A broker at a major Canadian bank was implicated in a fraudulent trading scheme involving the shares of a micro-cap company that were listed for trading on a junior stock exchange (the TSX-V). Investors who held shares at the time the scheme collapsed claimed damages for their trading losses. One investor, who held a significant number of the outstanding shares, claimed damages on the basis that, but for the alleged conduct of the bank and its employee, he would have been able to sell his shares at an earlier date when the stock price was still high.

NERA Director Bradley A. Heys provided expert analysis to assess the likelihood that the investor could have sold his shares at a higher price prior to the collapse of the scheme.

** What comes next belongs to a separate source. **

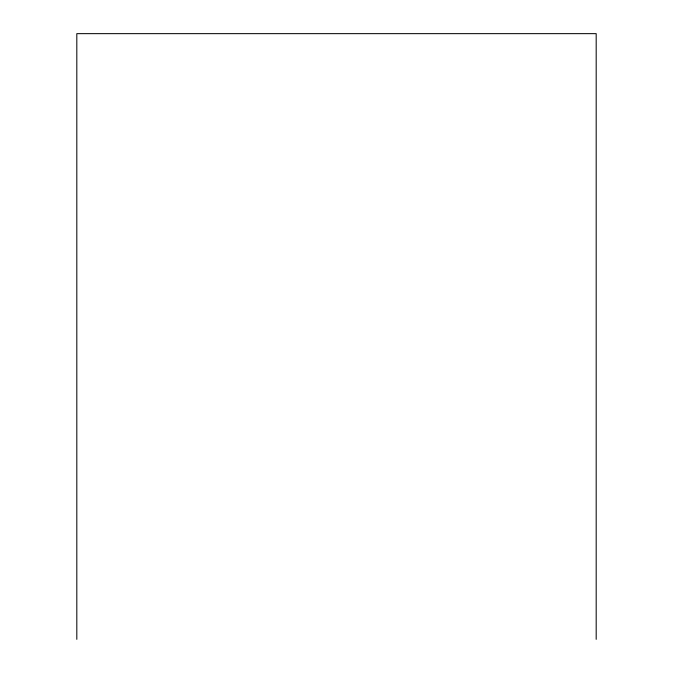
<?xml version="1.0" encoding="UTF-8"?>
<svg xmlns="http://www.w3.org/2000/svg" width="673" height="673" viewBox="0 0 673 673"><rect width="100%" height="100%" fill="white"/><g stroke="black" fill="none" stroke-linecap="round" stroke-linejoin="round"><path stroke-width="1.01" d="M596.185 639.35L596.185 33.65L76.815 33.65L76.815 639.35"/></g></svg>

The fraudulent trading scheme was carried out by a consortium of company executives and other parties who conspired to restrict sales, and otherwise take steps to support the market price, of the company’s shares. The purpose of the scheme was to use the elevated stock price to facilitate non-cash acquisitions. Following the collapse of the scheme, several criminal and civil matters ensued, including civil claims brought by investors against the bank through which the fraudulent trades flowed. 

Counsel for the bank retained NERA to assess the investor’s claim and analyze whether or not the large block of shares could have been sold at the higher price or whether and to what extent offering such a large block of shares might have had an effect on the market price.

Mr. Heys provided analysis, which explained that the impact on the market price of any attempt to sell these shares depended on how steep the demand curve for the shares was during the relevant period and for any interval of time over which those shares would have been traded.

If the shares had been efficiently traded (in the sense that the market price reflected all publicly available information about the Company and would rapidly adjust to incorporate any new, value-relevant information—such as one often finds for the securities of larger, well-followed companies), the demand curve over even a relatively short period of time would be very flat—i.e., for even a small decrease in the market price, investors would be prepared to purchase a large number of shares. In such a case, an increase in the supply of shares would tend not to have a large impact on the market price of the shares. Had the shares of the Company been traded in such an efficient market, the investor would likely have been able to sell his shares relatively quickly and without a significant negative impact on the price (i.e., the price might have moved from P0 to P1 in the diagram below).

However, the shares of this company appeared not to be efficiently traded (likely a feature of the market that made the fraudulent trading scheme possible). Rather, among other things, the shares were very thinly traded during the relevant period. In such a case, even a small increase in the supply of shares could potentially have a very significant negative impact on the market price. (i.e., move the price from P0 to P2 in the diagram above).

However, without information regarding the depth of the market (from brokerage order books), it would be difficult to determine how negative the impact might have been if the investor had attempted to sell his shares on the open market.

Mr. Heys further explained that even if there had been a deep market for these shares and had the market been efficient, the best the investor could have hoped to recover from the sale of his shares was their fundamental value—i.e., in an efficient market, other investors presumably would have been prepared to purchase these undervalued shares if the price had gone lower than their value.

In this case, the stock price seemed to have been extremely high in relation to the earnings of the Company, which had a history of losses, and apparently limited future prospects, with the result that the value multiples implied by the stock price at the time (such as its EV/EBITDA and price-earnings multiples) were unrealistically high.

These facts, in turn, suggested that if even a modest number of additional shares had been put into the market for sale (and certainly any number of shares beyond the capacity of the manipulation scheme), the stock price would have collapsed dramatically—likely to less than 10% of the price at which the investor’s damage claim was based. 

The case settled following a successful mediation with the investor recovering a fraction of the amount claimed.